Hi Jim,
Sorry for the delayed response here.
On Aug 16, 2018, at 4:15 PM, Jim Lieb via chirp_devel chirp_devel@intrepid.danplanet.com wrote:
I'm writing the KG-UV9D Plus driver. I've got the memory channel and basic settings under control but there are a few radio features that need UI support. I've been looking at various other drivers and the settings.py (and friends) and haven't found what I'm looking for.
There are a few settings that are really tables, similar but much simpler than the memory tab. For example, there are scan groups which have a name, a starting memory channel and and ending channel. They are described in the following memory template frag:
#seekto 0x940; struct { struct { i16 scan_st; i16 scan_end; } addrs[10]; u8 x0968[8]; struct { char name[8]; } names[10]; } scn_grps;
Yea, it is clumsy and indicates that the firmware coders were sleeping in Data Structures class but in the end, it should map to a 3x10 table with header, something on the order of:
name | start | end
airport | 108 | 136 | .... ===========
This would be a RadioSettingGroup or ??? under the settings tab.
Yeah, I would probably do a RadioSettingGroup for "scan lists" and then do a bunch of settings for "Group 1 name", 'Group 1 start", 'Group 1 end", etc.
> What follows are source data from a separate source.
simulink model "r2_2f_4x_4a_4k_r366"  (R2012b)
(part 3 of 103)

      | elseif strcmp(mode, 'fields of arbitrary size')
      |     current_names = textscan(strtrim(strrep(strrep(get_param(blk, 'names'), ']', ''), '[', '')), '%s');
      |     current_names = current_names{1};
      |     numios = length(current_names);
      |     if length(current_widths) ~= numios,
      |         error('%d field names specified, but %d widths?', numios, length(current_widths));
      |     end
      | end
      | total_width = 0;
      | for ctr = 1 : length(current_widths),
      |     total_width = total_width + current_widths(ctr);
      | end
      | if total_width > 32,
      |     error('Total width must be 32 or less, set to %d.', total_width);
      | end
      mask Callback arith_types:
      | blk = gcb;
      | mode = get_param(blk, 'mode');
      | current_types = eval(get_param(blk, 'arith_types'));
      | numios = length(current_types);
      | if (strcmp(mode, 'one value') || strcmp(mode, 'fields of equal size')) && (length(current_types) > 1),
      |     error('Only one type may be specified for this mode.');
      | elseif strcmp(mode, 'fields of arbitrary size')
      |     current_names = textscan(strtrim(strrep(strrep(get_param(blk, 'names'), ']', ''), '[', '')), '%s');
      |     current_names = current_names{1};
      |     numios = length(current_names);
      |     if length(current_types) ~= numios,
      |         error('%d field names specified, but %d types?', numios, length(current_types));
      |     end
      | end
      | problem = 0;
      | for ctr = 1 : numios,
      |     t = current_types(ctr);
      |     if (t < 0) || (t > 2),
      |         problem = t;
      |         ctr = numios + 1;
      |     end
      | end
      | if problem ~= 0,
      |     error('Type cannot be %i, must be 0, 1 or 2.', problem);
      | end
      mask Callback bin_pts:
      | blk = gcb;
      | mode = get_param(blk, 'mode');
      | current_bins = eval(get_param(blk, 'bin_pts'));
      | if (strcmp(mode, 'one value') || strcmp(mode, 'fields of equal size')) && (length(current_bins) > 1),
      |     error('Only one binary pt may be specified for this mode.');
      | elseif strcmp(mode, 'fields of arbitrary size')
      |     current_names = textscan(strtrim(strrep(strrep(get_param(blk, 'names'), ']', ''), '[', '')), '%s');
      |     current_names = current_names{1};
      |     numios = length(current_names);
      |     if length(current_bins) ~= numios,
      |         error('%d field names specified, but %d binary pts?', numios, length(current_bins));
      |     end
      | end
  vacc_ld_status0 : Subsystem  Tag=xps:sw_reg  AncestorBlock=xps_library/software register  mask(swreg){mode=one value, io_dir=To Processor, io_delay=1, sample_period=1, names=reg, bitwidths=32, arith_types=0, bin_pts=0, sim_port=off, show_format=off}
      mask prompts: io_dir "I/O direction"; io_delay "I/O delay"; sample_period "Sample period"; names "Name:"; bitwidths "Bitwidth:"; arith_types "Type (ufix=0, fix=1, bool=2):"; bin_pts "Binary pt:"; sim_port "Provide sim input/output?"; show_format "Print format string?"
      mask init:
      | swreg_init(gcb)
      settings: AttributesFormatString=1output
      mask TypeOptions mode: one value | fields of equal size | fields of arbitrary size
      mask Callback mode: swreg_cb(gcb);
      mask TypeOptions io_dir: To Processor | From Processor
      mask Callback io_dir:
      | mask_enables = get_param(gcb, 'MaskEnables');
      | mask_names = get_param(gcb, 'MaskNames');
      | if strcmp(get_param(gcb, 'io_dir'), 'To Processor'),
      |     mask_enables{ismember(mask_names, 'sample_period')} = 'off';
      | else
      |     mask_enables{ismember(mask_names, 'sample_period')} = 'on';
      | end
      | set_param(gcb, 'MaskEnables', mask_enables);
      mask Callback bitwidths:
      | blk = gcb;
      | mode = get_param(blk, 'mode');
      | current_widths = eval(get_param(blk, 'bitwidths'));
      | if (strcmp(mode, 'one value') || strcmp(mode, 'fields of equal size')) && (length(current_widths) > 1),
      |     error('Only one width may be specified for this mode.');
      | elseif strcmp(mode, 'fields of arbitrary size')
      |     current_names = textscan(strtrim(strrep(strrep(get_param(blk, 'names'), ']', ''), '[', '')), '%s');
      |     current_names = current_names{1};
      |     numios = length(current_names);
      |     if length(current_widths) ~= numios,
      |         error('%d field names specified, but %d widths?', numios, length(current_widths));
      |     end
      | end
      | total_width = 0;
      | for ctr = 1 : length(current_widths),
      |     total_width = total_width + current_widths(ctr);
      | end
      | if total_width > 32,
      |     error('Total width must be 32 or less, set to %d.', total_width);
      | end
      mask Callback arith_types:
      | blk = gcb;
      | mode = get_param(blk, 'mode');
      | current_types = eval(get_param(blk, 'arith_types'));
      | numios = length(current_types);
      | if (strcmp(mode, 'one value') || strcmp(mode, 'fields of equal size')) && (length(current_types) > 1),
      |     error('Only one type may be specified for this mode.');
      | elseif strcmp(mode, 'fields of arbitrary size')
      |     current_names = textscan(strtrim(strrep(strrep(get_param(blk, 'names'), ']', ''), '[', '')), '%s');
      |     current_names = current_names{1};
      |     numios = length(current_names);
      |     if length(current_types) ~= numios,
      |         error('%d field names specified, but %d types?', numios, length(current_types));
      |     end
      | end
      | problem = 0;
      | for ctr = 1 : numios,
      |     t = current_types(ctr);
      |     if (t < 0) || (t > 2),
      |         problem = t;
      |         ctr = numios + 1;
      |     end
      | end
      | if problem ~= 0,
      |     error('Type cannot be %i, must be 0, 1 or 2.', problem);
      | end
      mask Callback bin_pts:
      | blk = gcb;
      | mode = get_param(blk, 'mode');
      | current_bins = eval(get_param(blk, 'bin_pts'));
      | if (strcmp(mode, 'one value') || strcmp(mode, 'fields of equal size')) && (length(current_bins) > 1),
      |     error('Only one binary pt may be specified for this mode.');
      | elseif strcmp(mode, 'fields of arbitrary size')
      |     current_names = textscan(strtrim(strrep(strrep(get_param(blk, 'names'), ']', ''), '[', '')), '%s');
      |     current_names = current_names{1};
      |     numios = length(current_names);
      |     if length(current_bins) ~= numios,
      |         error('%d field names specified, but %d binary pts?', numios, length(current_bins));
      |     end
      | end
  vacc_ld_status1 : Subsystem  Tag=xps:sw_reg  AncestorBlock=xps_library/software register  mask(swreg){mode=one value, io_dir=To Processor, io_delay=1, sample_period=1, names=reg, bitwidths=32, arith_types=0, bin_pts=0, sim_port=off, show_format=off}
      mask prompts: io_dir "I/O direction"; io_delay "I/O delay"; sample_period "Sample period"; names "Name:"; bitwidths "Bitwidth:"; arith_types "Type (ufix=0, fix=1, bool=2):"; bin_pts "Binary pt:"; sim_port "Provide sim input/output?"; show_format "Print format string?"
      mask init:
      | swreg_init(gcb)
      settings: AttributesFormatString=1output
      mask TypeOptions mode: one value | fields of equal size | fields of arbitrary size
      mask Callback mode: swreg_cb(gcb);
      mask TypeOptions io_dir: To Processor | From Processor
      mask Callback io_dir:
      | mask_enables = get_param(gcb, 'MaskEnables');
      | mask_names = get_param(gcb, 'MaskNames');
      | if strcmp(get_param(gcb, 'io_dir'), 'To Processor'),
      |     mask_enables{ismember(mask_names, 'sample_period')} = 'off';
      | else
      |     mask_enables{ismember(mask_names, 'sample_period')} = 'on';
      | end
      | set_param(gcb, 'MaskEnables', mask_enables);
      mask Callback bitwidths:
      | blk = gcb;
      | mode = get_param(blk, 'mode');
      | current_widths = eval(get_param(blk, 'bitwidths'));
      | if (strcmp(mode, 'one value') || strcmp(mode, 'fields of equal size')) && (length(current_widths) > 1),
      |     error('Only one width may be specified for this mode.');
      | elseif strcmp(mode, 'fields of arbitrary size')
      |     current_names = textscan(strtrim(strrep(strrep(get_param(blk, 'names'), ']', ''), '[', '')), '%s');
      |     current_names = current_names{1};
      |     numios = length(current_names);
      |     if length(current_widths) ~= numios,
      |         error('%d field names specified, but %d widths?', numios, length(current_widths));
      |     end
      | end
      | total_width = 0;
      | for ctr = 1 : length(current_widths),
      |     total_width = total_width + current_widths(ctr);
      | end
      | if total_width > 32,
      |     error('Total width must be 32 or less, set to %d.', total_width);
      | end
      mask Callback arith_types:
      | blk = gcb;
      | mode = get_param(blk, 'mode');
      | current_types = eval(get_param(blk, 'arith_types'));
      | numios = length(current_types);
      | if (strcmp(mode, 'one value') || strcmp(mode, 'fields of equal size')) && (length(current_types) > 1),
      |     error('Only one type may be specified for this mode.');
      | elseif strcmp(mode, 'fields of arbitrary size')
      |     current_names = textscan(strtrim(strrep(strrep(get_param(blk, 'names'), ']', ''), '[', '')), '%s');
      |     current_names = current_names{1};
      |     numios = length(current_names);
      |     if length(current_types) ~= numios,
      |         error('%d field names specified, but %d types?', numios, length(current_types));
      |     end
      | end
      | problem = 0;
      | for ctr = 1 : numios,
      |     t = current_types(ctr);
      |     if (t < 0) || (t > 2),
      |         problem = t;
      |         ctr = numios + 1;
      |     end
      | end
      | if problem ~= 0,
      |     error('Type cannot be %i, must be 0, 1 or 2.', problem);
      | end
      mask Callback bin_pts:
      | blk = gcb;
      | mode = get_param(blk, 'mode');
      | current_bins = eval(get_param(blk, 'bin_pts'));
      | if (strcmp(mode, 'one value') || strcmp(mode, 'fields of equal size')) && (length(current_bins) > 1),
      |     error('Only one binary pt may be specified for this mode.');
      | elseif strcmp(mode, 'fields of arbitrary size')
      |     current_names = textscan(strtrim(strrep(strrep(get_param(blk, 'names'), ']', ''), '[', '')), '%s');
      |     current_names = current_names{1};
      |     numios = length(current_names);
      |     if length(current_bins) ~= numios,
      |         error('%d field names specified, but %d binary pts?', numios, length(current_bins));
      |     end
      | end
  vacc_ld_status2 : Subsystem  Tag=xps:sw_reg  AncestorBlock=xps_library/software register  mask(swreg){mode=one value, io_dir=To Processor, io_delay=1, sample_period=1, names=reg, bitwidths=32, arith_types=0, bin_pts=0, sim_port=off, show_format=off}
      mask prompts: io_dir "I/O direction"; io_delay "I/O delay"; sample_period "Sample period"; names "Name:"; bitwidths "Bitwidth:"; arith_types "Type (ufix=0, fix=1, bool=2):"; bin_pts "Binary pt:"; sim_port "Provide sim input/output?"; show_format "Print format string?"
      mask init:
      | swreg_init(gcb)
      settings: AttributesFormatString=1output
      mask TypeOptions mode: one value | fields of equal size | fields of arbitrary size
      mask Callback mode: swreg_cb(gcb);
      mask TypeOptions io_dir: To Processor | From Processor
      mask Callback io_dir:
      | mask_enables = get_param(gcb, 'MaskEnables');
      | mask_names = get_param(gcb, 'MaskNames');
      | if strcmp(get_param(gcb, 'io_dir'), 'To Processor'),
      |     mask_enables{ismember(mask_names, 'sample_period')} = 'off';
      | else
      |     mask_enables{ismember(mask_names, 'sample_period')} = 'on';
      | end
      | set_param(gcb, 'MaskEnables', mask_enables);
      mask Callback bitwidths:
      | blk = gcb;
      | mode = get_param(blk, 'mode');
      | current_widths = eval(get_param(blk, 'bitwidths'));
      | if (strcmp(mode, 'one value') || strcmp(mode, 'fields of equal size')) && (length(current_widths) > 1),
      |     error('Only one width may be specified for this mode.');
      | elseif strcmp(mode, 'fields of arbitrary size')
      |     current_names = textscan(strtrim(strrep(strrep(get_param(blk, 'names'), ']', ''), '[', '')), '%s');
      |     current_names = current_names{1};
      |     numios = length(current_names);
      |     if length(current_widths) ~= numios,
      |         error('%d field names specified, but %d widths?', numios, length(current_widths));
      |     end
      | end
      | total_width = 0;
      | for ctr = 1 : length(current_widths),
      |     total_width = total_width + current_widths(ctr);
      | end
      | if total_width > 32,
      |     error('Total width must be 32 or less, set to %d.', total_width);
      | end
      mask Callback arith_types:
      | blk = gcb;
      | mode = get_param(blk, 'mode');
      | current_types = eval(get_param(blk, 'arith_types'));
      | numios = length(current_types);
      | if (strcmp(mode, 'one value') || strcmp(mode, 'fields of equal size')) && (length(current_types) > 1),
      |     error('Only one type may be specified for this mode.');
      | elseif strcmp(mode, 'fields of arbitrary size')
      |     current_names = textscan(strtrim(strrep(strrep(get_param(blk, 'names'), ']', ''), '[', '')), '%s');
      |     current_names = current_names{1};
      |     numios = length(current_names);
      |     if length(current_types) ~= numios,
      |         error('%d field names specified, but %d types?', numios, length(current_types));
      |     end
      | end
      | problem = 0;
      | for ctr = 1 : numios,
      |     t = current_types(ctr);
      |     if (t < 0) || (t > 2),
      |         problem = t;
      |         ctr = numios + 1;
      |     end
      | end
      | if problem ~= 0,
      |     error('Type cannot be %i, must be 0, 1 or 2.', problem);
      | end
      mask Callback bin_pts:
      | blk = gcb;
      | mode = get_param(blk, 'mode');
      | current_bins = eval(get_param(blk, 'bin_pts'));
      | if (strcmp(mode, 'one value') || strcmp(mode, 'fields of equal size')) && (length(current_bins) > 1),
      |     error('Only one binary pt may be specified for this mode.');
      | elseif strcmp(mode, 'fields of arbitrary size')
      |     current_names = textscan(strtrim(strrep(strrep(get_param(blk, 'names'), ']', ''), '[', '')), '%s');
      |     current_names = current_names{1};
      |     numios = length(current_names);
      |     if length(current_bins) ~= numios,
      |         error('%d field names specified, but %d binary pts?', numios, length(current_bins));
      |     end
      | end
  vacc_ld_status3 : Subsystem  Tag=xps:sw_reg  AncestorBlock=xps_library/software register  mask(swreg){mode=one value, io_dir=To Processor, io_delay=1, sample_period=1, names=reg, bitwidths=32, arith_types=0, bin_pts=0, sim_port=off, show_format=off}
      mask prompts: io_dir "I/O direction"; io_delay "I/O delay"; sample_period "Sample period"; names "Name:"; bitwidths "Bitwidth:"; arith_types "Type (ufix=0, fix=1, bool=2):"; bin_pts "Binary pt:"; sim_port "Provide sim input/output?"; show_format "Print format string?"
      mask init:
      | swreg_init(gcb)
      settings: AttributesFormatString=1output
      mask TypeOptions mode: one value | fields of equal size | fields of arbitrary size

We don't really have a much richer settings interface than that really. You could also do a group for "settings" and then a group under that for "Group 1" and then just have three settings per group. I think that will nest properly in the UI.
I have another which is the caller id table. In this case, it is a 2x20 table with the first col being a 6 char name and the second, a DTMF 6 digit code:
#seekto 0x940; struct { struct { i16 scan_st; i16 scan_end; } addrs[10]; u8 x0968[8]; struct { char name[8]; } names[10]; } scn_grps;
Again, this would be a table in a RadioSettingGroup.
I think this might be better with just two groups, one for the names and one for the codes.
I really want to keep this within the driver ATM and not go off hacking settings.py and the GTK stuff (yet) but sticking to the (as I understand) the derived classes in settings.py gives me little more than lists of simple labeled item widgets.
I would just go simple (and ugly) first. I'm not sure I want to get into having a table in settings, but maybe some smaller grouping construct that will just make it easier to express to the UI that "these three things should share a row" would be enough?